**TASK ITEM:** Return exactly the lines of the records below, starting at the line that contains "U 1 1 59EBFFE3" and ending at the line that contains "U 1 1 5AA312D5", with both of those lines kept.

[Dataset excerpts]
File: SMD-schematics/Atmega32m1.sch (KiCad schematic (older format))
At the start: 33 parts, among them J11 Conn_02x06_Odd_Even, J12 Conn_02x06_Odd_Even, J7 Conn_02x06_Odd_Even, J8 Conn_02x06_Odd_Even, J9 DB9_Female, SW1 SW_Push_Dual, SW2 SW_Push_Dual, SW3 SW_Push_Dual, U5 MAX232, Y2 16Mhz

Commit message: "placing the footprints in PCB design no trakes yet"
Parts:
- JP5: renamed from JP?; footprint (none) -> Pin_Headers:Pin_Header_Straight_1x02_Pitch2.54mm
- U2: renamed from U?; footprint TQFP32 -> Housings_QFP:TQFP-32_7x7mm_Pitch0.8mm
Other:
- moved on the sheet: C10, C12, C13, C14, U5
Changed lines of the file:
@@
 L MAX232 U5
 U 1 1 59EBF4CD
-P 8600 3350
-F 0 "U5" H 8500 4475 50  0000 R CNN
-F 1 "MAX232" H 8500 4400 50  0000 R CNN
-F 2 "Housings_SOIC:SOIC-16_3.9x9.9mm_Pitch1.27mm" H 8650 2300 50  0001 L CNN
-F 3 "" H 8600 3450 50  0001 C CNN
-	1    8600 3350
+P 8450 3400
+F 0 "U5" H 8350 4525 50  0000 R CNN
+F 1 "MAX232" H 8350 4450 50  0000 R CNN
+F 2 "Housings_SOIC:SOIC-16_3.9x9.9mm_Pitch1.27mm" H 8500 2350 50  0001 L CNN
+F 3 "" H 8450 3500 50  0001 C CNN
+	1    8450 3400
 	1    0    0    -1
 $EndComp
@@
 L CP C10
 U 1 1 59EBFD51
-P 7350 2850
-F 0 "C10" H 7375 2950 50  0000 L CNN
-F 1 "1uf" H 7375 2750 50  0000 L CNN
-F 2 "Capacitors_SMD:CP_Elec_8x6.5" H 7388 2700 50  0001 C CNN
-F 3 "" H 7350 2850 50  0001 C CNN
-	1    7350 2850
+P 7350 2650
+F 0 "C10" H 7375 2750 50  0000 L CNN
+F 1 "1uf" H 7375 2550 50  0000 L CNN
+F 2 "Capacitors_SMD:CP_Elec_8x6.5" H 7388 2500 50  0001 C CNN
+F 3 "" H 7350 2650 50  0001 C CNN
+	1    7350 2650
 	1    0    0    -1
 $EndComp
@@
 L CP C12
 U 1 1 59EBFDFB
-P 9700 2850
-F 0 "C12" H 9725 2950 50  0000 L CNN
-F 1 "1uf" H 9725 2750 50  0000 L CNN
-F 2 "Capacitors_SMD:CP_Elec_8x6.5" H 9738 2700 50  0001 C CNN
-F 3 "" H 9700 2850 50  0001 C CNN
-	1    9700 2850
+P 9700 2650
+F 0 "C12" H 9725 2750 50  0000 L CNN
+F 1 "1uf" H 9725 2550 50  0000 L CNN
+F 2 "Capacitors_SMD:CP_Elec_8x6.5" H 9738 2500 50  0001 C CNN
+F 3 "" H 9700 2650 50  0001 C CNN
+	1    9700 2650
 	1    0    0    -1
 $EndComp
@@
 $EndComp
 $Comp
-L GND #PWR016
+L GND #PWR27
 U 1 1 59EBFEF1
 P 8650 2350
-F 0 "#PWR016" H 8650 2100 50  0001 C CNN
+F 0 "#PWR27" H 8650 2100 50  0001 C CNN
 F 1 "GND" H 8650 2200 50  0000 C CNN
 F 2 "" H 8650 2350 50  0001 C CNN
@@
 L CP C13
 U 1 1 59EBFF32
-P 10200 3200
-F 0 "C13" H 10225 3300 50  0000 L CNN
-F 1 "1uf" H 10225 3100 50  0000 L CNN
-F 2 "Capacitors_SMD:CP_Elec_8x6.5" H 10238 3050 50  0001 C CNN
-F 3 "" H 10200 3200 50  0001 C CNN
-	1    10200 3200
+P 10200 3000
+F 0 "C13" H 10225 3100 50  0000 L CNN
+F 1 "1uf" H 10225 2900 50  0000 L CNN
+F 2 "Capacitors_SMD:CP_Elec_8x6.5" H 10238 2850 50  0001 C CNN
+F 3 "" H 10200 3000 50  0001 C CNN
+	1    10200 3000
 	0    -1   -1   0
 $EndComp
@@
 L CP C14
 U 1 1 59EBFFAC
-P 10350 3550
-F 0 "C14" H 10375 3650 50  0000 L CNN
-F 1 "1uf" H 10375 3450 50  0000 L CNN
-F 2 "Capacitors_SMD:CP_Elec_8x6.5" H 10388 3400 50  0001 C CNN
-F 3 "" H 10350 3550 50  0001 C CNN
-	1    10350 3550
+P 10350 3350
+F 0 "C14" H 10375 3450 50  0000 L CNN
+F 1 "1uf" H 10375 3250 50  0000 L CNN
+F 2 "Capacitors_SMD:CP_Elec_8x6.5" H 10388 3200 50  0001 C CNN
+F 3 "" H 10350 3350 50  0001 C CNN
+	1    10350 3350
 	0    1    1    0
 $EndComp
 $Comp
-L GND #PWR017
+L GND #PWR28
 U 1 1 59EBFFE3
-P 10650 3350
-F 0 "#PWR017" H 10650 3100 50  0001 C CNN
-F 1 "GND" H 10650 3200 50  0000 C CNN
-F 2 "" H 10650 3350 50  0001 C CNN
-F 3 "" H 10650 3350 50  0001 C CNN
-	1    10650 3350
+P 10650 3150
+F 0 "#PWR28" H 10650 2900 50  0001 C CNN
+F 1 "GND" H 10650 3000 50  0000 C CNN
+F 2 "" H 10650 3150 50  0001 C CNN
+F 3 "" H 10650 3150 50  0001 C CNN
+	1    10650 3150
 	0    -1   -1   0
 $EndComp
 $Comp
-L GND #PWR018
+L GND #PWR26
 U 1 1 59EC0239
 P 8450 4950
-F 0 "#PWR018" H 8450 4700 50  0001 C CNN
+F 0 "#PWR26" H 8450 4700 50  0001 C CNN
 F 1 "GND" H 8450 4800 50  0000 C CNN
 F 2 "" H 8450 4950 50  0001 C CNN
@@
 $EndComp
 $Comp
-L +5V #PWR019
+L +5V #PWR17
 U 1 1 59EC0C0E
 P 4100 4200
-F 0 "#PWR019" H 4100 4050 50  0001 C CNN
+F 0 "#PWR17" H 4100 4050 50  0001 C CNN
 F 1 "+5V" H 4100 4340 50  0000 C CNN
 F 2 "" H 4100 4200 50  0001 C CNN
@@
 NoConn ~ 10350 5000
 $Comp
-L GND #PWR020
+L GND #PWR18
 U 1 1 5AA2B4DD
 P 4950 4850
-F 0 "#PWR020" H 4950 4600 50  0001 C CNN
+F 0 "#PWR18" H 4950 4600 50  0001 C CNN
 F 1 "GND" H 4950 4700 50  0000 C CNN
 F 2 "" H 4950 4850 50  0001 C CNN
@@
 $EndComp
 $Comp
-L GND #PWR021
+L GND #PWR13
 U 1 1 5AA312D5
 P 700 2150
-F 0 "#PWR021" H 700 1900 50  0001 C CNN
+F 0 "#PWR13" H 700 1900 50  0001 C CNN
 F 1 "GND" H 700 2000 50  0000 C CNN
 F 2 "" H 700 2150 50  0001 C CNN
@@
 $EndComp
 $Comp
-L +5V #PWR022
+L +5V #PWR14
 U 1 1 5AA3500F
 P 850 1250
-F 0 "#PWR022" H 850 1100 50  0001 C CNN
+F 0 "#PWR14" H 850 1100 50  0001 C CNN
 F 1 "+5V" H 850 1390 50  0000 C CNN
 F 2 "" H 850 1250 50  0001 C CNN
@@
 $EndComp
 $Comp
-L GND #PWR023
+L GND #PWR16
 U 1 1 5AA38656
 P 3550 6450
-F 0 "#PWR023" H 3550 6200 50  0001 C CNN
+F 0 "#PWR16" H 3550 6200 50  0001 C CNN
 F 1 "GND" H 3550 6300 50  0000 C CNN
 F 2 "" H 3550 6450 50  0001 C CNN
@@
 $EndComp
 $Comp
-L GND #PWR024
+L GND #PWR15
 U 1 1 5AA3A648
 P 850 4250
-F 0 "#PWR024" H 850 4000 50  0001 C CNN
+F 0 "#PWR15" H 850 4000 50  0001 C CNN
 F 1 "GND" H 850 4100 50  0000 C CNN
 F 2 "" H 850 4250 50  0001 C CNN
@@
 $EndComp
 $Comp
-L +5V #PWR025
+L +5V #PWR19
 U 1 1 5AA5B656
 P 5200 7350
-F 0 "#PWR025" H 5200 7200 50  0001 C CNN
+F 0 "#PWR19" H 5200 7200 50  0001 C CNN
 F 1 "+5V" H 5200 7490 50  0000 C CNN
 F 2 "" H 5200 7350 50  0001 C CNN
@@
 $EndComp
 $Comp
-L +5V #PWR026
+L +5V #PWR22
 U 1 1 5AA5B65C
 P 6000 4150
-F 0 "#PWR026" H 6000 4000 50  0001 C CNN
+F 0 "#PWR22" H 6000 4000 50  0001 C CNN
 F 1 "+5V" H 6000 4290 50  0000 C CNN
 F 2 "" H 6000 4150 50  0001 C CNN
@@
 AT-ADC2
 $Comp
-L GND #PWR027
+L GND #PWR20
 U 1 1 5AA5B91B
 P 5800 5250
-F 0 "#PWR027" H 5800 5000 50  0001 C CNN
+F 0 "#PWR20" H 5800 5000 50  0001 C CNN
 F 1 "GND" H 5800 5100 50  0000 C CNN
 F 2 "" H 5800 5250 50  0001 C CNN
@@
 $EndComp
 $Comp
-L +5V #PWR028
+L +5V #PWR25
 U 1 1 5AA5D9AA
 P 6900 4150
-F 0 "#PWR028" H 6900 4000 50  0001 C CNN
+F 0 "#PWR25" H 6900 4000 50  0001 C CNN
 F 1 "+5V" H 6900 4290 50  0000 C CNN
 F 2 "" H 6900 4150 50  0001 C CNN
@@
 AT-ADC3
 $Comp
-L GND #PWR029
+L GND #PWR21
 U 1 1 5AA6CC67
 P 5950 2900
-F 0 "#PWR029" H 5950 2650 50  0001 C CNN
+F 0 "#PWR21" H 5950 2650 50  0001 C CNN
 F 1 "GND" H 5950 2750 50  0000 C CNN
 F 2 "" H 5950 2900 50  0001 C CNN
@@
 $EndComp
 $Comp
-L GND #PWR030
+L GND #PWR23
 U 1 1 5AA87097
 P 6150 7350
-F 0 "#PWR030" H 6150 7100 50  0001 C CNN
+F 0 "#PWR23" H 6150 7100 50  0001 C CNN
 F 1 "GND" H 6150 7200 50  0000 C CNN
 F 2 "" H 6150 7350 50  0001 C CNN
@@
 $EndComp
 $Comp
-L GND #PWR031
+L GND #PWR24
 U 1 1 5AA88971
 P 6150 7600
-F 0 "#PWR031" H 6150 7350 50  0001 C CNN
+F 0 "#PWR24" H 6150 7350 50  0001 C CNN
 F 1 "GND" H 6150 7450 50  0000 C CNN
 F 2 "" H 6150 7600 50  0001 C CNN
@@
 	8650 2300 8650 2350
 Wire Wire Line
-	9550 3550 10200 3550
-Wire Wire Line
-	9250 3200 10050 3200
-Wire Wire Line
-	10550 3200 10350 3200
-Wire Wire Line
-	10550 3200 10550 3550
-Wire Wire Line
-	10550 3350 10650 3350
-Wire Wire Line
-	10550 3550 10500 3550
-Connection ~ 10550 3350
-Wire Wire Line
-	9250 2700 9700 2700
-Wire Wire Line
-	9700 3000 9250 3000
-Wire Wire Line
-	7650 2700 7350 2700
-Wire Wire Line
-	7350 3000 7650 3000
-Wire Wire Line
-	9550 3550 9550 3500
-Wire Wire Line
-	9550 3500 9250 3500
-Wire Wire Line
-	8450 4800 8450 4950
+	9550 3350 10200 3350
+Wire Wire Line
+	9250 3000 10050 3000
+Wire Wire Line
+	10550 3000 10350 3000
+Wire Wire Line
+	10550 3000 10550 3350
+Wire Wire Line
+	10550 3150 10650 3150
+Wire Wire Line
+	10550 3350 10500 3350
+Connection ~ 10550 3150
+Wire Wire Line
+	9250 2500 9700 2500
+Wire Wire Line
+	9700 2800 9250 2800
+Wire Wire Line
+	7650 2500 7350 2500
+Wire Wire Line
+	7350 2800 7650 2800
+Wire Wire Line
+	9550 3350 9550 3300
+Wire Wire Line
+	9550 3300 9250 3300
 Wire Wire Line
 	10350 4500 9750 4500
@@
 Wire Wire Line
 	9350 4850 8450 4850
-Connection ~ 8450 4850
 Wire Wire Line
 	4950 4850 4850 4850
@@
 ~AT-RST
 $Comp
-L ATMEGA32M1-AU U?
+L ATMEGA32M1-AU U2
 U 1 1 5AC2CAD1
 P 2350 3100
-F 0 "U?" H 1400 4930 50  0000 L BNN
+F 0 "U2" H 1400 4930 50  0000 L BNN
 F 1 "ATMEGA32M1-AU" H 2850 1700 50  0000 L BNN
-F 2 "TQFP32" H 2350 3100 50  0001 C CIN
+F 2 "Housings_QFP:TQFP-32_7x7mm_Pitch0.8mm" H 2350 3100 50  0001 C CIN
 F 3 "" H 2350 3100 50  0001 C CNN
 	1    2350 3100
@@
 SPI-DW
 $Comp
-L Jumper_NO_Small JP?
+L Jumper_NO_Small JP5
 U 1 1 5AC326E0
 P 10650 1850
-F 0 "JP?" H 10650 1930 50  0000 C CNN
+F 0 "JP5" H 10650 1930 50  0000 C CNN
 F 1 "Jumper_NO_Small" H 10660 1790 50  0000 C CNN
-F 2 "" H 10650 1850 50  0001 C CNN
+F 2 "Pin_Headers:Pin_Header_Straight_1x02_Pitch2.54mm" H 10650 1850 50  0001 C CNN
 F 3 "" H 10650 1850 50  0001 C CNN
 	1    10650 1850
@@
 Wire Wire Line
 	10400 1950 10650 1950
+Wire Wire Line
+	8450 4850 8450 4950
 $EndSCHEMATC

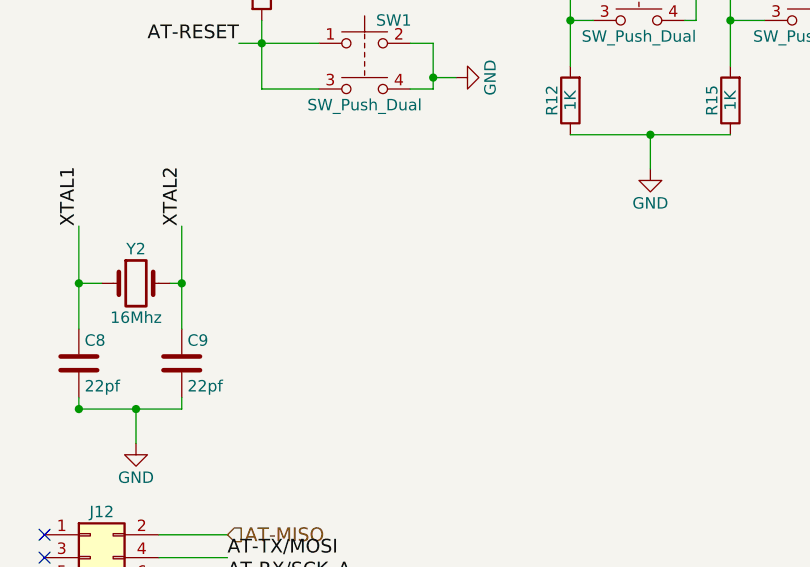
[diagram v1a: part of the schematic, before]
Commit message: updating schematics with pins for GND and VCC
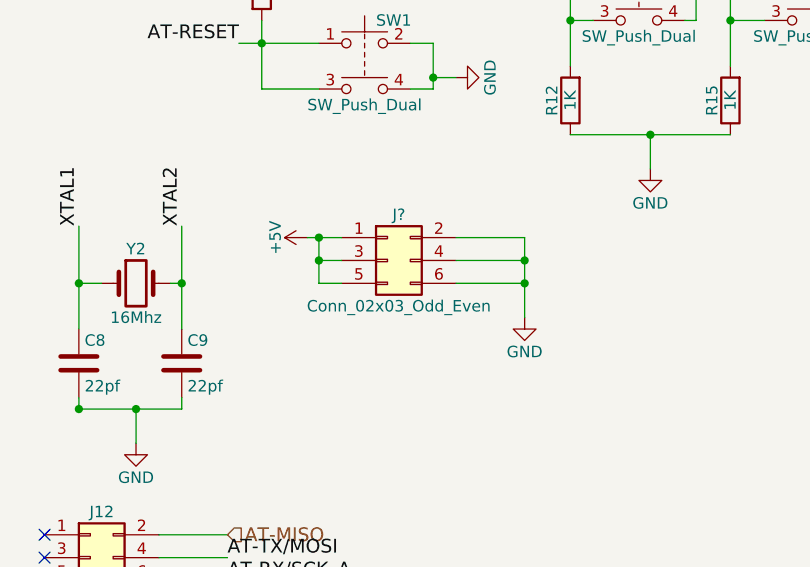
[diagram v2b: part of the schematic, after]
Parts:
- added J?: Conn_02x03_Odd_Even, symbol Conn_02x03_Odd_Even
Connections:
- net +5V: now also J?.1 (Pin_1), J?.3 (Pin_3), J?.5 (Pin_5)
- net GND: now also J?.2 (Pin_2), J?.4 (Pin_4), J?.6 (Pin_6)
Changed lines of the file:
@@
 Wire Wire Line
 	8450 4850 8450 4950
+$Comp
+L Conn_02x03_Odd_Even J?
+U 1 1 5AD2B36D
+P 4650 5650
+F 0 "J?" H 4700 5850 50  0000 C CNN
+F 1 "Conn_02x03_Odd_Even" H 4700 5450 50  0000 C CNN
+F 2 "" H 4650 5650 50  0001 C CNN
+F 3 "" H 4650 5650 50  0001 C CNN
+	1    4650 5650
+	1    0    0    -1
+$EndComp
+$Comp
+L +5V #PWR?
+U 1 1 5AD2B551
+P 4300 5550
+F 0 "#PWR?" H 4300 5400 50  0001 C CNN
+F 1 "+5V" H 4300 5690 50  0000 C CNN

**RESPONSE:**
 U 1 1 59EBFFE3
-P 10650 3350
-F 0 "#PWR017" H 10650 3100 50  0001 C CNN
-F 1 "GND" H 10650 3200 50  0000 C CNN
-F 2 "" H 10650 3350 50  0001 C CNN
-F 3 "" H 10650 3350 50  0001 C CNN
-	1    10650 3350
+P 10650 3150
+F 0 "#PWR28" H 10650 2900 50  0001 C CNN
+F 1 "GND" H 10650 3000 50  0000 C CNN
+F 2 "" H 10650 3150 50  0001 C CNN
+F 3 "" H 10650 3150 50  0001 C CNN
+	1    10650 3150
 	0    -1   -1   0
 $EndComp
 $Comp
-L GND #PWR018
+L GND #PWR26
 U 1 1 59EC0239
 P 8450 4950
-F 0 "#PWR018" H 8450 4700 50  0001 C CNN
+F 0 "#PWR26" H 8450 4700 50  0001 C CNN
 F 1 "GND" H 8450 4800 50  0000 C CNN
 F 2 "" H 8450 4950 50  0001 C CNN
@@
 $EndComp
 $Comp
-L +5V #PWR019
+L +5V #PWR17
 U 1 1 59EC0C0E
 P 4100 4200
-F 0 "#PWR019" H 4100 4050 50  0001 C CNN
+F 0 "#PWR17" H 4100 4050 50  0001 C CNN
 F 1 "+5V" H 4100 4340 50  0000 C CNN
 F 2 "" H 4100 4200 50  0001 C CNN
@@
 NoConn ~ 10350 5000
 $Comp
-L GND #PWR020
+L GND #PWR18
 U 1 1 5AA2B4DD
 P 4950 4850
-F 0 "#PWR020" H 4950 4600 50  0001 C CNN
+F 0 "#PWR18" H 4950 4600 50  0001 C CNN
 F 1 "GND" H 4950 4700 50  0000 C CNN
 F 2 "" H 4950 4850 50  0001 C CNN
@@
 $EndComp
 $Comp
-L GND #PWR021
+L GND #PWR13
 U 1 1 5AA312D5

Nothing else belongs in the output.